All good points Jaws, thank you. 

I know that if I were to go down for any reason, my business would not survive very long. If my prospective partner goes down, the business would suffer tremendously but I would hopefully be able to find a replacement. Although, I have been trying to find another man of similar caliber and character for a few years now and have not been successful.

And I don't think it would be hard to accommodate our 2 salaries, being as we do that already. I would just have to get used to splitting the profits (and losses) and be more cognizant of various other expenses that flow through the company which may benefit either of us financially.

It may just be burn out clouding my mind, so I plan on taking a break this December, clearing my mind and giving it some thought and making a decision by January. At least today, I finalized a project/client from hell so one less stressor to deal with.


----------



## lawndart (Dec 3, 2006)

Going from an existing business and seeing 100% of the profits to a brand new business with shared profits while starting over doesn't make much financial sense IMO. I could be wrong though. Good luck!


----------



## Jaws (Dec 20, 2010)

How's this going?


----------



## NJ Contractor (Nov 12, 2016)

Jaws said:


> How's this going?


Still contemplating my strategy...my wife and I took the month of December off and are traveling. It's been nice to be away, destress and clear my mind. 

Thanks for asking :thumbsup:


----------



## daffysplumbing (Oct 16, 2017)

Everyone on this planet gets tired of dealing with customers, sub contractors, operating costs, government requirements, etc., but taking on a partner actually adds to your problems because you will have a thousand issues to deal with with your partner even if those issues are not direct problems.

You cannot expect that anyone in this world will bear the weight on your shoulders. "If you can't stand the heat then get out of the kitchen" Running a business is not for people who cannot take the pressure. Taking pressure is why business owners are supposed to make more money than owners. Two partners can be "the blind leading the blind" and two people who get to hate each other.

You say that your guy helped you to build your business. Did you pay him throughout this process. If you did then you are even with him and you do not owe him any loyalty for what you paid him for. I suppose we could use a hooker for an analogy for that one. Where does the loyalty part come in when someone is getting paid for their services.
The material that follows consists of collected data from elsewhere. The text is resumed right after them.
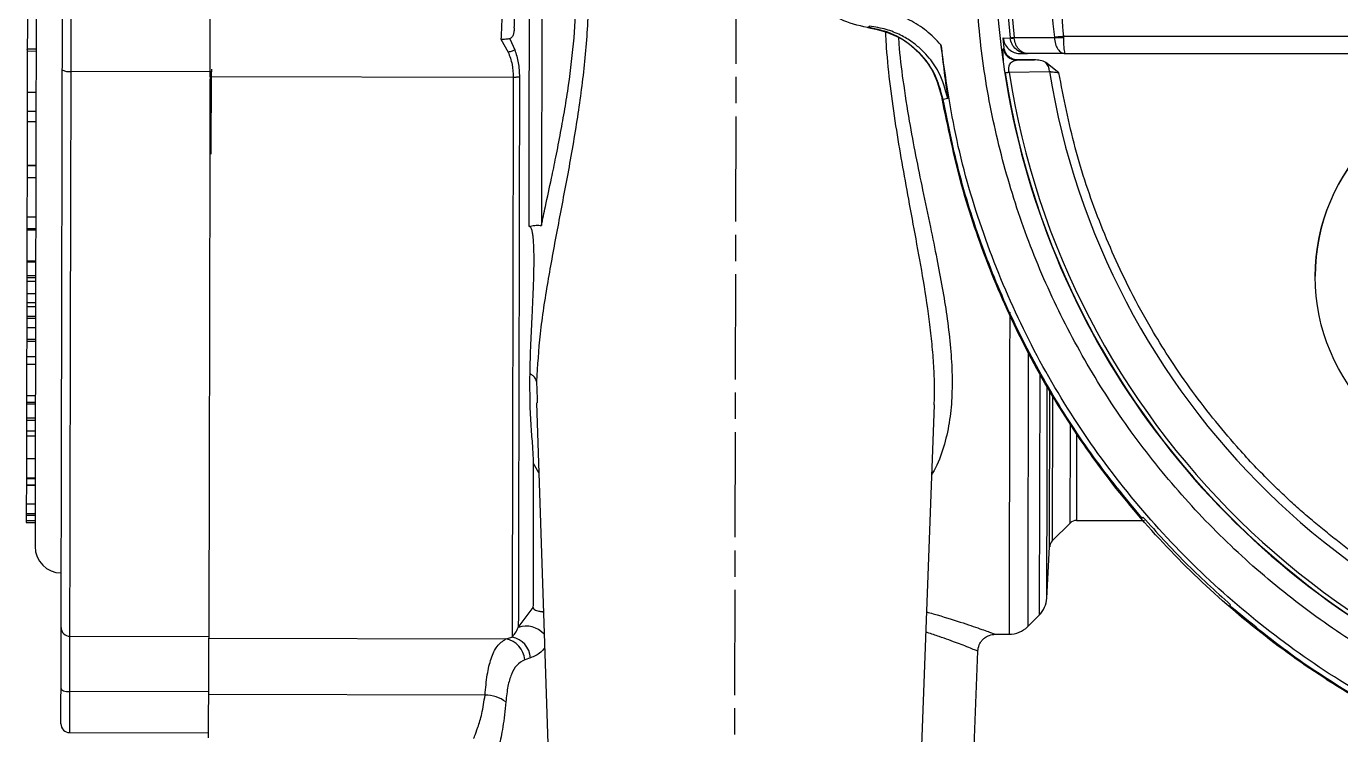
# Model space of a CAD drawing. Header units: millimetres. Extents: x 1890 to 4327, y 775 to 2498.
# Drawn here: x 2383.4 to 2533.3, y 2119.1 to 2199.9 of the extents above; entities that cross this region are included whole.
import ezdxf

# ---------------------------------------------------------------- set-up
doc = ezdxf.new("R2010")
doc.units = ezdxf.units.MM
doc.linetypes.add('AM_ISO08W050', pattern=[18, 12, -1.5, 3, -1.5])
doc.layers.add('AM_7', color=4, linetype='AM_ISO08W050', lineweight=25)

msp = doc.modelspace()

# ---------------------------------------------------------------- linework, layer by layer
at = {"color": 7, "linetype": 'Continuous', "lineweight": 25}
for p, q in [((2383.57, 2206.502), (2383.543, 2193.773)), ((2388.545, 2194.7), (2388.561, 2202.272)), ((2479.347, 2199.705), (2479.597, 2199.855)), ((2437.568, 2198.371), (2438.393, 2196.914)), ((2438.56, 2198.434), (2439.14, 2197.178)), ((2494.829, 2198.521), (2495.633, 2198.519)), ((2494.966, 2197.345), (2494.829, 2198.521)), ((2495.631, 2198.537), (2495.633, 2198.519)), ((2496.094, 2198.588), (2500.679, 2198.58)), ((2496.099, 2198.519), (2496.094, 2198.588)), ((2500.679, 2198.58), (2500.676, 2198.621)), ((2501.702, 2198.741), (2552.393, 2198.741)), ((2501.702, 2198.741), (2501.705, 2198.58)), ((2384.55, 2197.259), (2383.55, 2197.261)), ((2383.55, 2197.038), (2384.55, 2197.036)), ((2494.872, 2197.313), (2494.966, 2197.345)), ((2496.359, 2195.997), (2498.4, 2196.03)), ((2498.4, 2196.03), (2496.456, 2196.03)), ((2496.819, 2196.741), (2497.608, 2196.741)), ((2497.608, 2196.741), (2497.316, 2196.793)), ((2497.608, 2196.741), (2497.345, 2196.803)), ((2501.903, 2196.741), (2497.608, 2196.741)), ((2501.903, 2196.741), (2552.393, 2196.741)), ((2404.545, 2194.666), (2388.545, 2194.7)), ((2404.525, 2185.279), (2404.545, 2194.666)), ((2404.546, 2194.953), (2404.545, 2194.666)), ((2495.511, 2194.624), (2500.111, 2194.707)), ((2501.182, 2194.556), (2499.707, 2195.731)), ((2438.972, 2194.022), (2404.386, 2194.096)), ((2383.54, 2192.352), (2383.535, 2190.177)), ((2383.54, 2192.352), (2384.54, 2192.349)), ((2488.515, 2191.622), (2487.998, 2191.503)), ((2383.535, 2190.177), (2383.533, 2188.986)), ((2383.535, 2190.177), (2384.535, 2190.175)), ((2383.533, 2188.986), (2383.522, 2184.025)), ((2383.533, 2188.986), (2384.533, 2188.983)), ((2383.522, 2183.993), (2383.519, 2182.604)), ((2383.522, 2184.025), (2384.522, 2184.023)), ((2383.522, 2184.025), (2383.522, 2183.993)), ((2383.522, 2183.993), (2384.522, 2183.991)), ((2383.519, 2182.604), (2383.509, 2178.119)), ((2383.519, 2182.604), (2384.519, 2182.602)), ((2383.509, 2178.119), (2383.507, 2176.805)), ((2383.509, 2178.119), (2384.509, 2178.117)), ((2383.506, 2176.643), (2383.499, 2173.099)), ((2383.507, 2176.805), (2383.506, 2176.643)), ((2383.506, 2176.643), (2384.506, 2176.641)), ((2383.507, 2176.805), (2384.507, 2176.803)), ((2383.499, 2172.996), (2383.495, 2171.43)), ((2383.499, 2173.099), (2384.499, 2173.097)), ((2383.499, 2173.099), (2383.499, 2172.996)), ((2383.499, 2173.098), (2383.499, 2172.996)), ((2383.499, 2172.996), (2384.499, 2172.994)), ((2383.495, 2171.422), (2383.492, 2170.085)), ((2383.494, 2170.777), (2384.494, 2170.775)), ((2383.495, 2171.43), (2384.495, 2171.428)), ((2383.495, 2171.203), (2384.495, 2171.201)), ((2530.417, 2171.349), (2530.417, 2171.349)), ((2383.492, 2170.085), (2383.49, 2169.034)), ((2383.491, 2169.379), (2384.491, 2169.377)), ((2383.488, 2167.896), (2383.485, 2166.783)), ((2383.488, 2167.896), (2384.488, 2167.894)), ((2383.489, 2168.345), (2384.489, 2168.343)), ((2383.485, 2166.569), (2383.483, 2165.504)), ((2383.485, 2166.783), (2384.485, 2166.781)), ((2383.485, 2166.783), (2383.485, 2166.569)), ((2383.485, 2166.569), (2384.485, 2166.567)), ((2383.483, 2165.504), (2383.48, 2164.159)), ((2383.483, 2165.504), (2384.483, 2165.502)), ((2383.479, 2163.945), (2383.475, 2162.194)), ((2383.48, 2164.159), (2383.479, 2163.945)), ((2383.479, 2163.945), (2384.479, 2163.943)), ((2383.48, 2164.159), (2384.48, 2164.157)), ((2383.475, 2162.194), (2383.474, 2161.334)), ((2383.475, 2162.194), (2384.475, 2162.192)), ((2383.474, 2161.334), (2383.466, 2157.757)), ((2383.474, 2161.334), (2384.474, 2161.332)), ((2499, 2160.357), (2498.941, 2132.697)), ((2441.623, 2159.36), (2441.695, 2157.389)), ((2383.466, 2157.757), (2383.464, 2156.995)), ((2383.464, 2156.995), (2384.464, 2156.992)), ((2383.464, 2156.995), (2383.464, 2156.812)), ((2383.466, 2157.757), (2384.466, 2157.755)), ((2441.695, 2157.389), (2441.713, 2156.904)), ((2500.139, 2140.513), (2500.177, 2158.275)), ((2500.468, 2157.838), (2500.432, 2141.167)), ((2383.464, 2156.812), (2383.46, 2155.201)), ((2383.464, 2156.812), (2384.464, 2156.809)), ((2441.622, 2156.901), (2443.204, 2108.63)), ((2485.204, 2108.541), (2486.989, 2156.705)), ((2486.978, 2156.706), (2486.982, 2156.877)), ((2383.46, 2154.947), (2383.457, 2153.726)), ((2383.46, 2155.201), (2384.46, 2155.199)), ((2383.46, 2155.201), (2383.46, 2154.947)), ((2383.46, 2154.947), (2384.46, 2154.945)), ((2383.456, 2153.159), (2383.451, 2150.556)), ((2383.457, 2153.726), (2383.456, 2153.159)), ((2383.456, 2153.159), (2384.456, 2153.156)), ((2383.457, 2153.726), (2384.457, 2153.723)), ((2383.451, 2150.556), (2383.446, 2148.362)), ((2383.451, 2150.556), (2384.451, 2150.554)), ((2441.883, 2148.927), (2441.292, 2149.987)), ((2383.446, 2148.294), (2383.444, 2147.555)), ((2383.446, 2148.362), (2384.446, 2148.36)), ((2383.446, 2148.362), (2383.446, 2148.294)), ((2383.446, 2148.294), (2384.446, 2148.292)), ((2383.444, 2147.51), (2383.44, 2145.414)), ((2383.444, 2147.555), (2383.444, 2147.51)), ((2383.444, 2147.555), (2384.444, 2147.552)), ((2383.444, 2147.51), (2384.444, 2147.508)), ((2383.44, 2145.414), (2383.437, 2144.28)), ((2383.44, 2145.414), (2384.44, 2145.412)), ((2383.437, 2144.108), (2383.435, 2143.494)), ((2383.435, 2143.494), (2384.435, 2143.491)), ((2383.435, 2143.494), (2383.435, 2143.272)), ((2383.437, 2144.28), (2384.437, 2144.278)), ((2383.437, 2144.28), (2383.437, 2144.108)), ((2383.437, 2144.108), (2384.437, 2144.106)), ((2503.193, 2143.503), (2510.942, 2143.486)), ((2510.669, 2143.777), (2510.78, 2143.889)), ((2383.435, 2143.272), (2384.435, 2143.27)), ((2500.432, 2141.167), (2502.485, 2143.211)), ((2499.818, 2134.625), (2500.139, 2140.513)), ((2439.545, 2131.295), (2441.257, 2133.558)), ((2442.196, 2133.114), (2442.4, 2133.167)), ((2442.196, 2133.114), (2442.403, 2133.063)), ((2520.775, 2133.893), (2520.664, 2133.782)), ((2497.631, 2131.393), (2498.941, 2132.697)), ((2388.394, 2123.981), (2388.407, 2130.303)), ((2388.407, 2130.303), (2404.25, 2130.269)), ((2404.25, 2130.061), (2438.126, 2129.988)), ((2438.126, 2129.988), (2438.836, 2130.209)), ((2493.95, 2130.522), (2495.508, 2130.519)), ((2491.204, 2108.528), (2491.947, 2128.597)), ((2440.935, 2127.84), (2440.285, 2127.613)), ((2388.384, 2119.312), (2388.394, 2123.981)), ((2404.236, 2123.947), (2388.394, 2123.981)), ((2435.753, 2123.582), (2404.236, 2123.649)), ((2388.384, 2119.312), (2404.227, 2119.279))]:
    msp.add_line(p, q, dxfattribs=at)
at = {"color": 7, "linetype": 'Continuous', "lineweight": 25, "flags": 128}
for points in [[(2442.27, 2220.047), (2442.259, 2214.598), (2442.247, 2209.12), (2442.235, 2203.64), (2442.224, 2198.184), (2442.212, 2192.779), (2442.201, 2187.454), (2442.19, 2182.232), (2442.179, 2177.141)], [(2440.764, 2177.028), (2440.775, 2181.964), (2440.786, 2187.021), (2440.797, 2192.177), (2440.808, 2197.409), (2440.819, 2202.692)], [(2495.631, 2198.537), (2495.645, 2198.538), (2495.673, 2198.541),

Well, have a nice Christmas, anyway. Christmas is the only day of the year I get to sleep all day, or get to work in my office without being interrupted. The first thing I do on Christmas morning is go outside and look at how clean the air is in Los Angeles due to all the businesses being closed and the empty streets and freeways. The mountains behind Los Angeles are beautiful on Christmas day. I wish I was in Los Angeles 150 years ago to see what it looked like.


----------



## TimNJ (Sep 7, 2005)

You have to be prepared to double your sales volume to make a partnership work.

This is kind of an oversimplification but, if you were a partnership for the past year and he wasn't your salaried employee, take your profit and cut it in half since you will be splitting it with him.

I have seen a couple very successful small businesses go under where they were run by the father, father retires, dies, whatever. Now the kids who were salaried employees under dad take over the business. They both want to be "owners" and collect the profits. Trouble is they haven't increased their sales to support two "owners" collecting that same profit.


----------



## NJ Contractor (Nov 12, 2016)

Thanks fellas for all the responses. I hope you all enjoyed your holidays and happy new year! 

After some contemplation and a discussion with my employee, I opted not to form a partnership. We are going to keep things status quo for the time being, although I may open a separate electrical company as a side venture and see if I can make something out of it for the future.


----------



## pegcity (Mar 11, 2018)

I'm lucky enough to be involved in a very successful partnership. Your questions and my answers below:


My questions for those of you involved in a successful partnership:

What does your operating agreement look like? What happens if one of you dies or wants out of the partnership?

*Very long, large, and complex. Written by someone way smarter than me! It covers everything. I'd suggest paying someone who specializes in this to write the agreement and explain it all to you.*

What is the best compensation scheme for us as partners so neither of us feel taken advantage of? 

*Pay yourselves salaries for the respective jobs that you do. IE- What would it cost the company to hire someone to replace you, and vice versa. The profits are split up and paid out according to your percentage of ownership and how your partnership agreement states.*

Any other input or advice is greatly appreciated. 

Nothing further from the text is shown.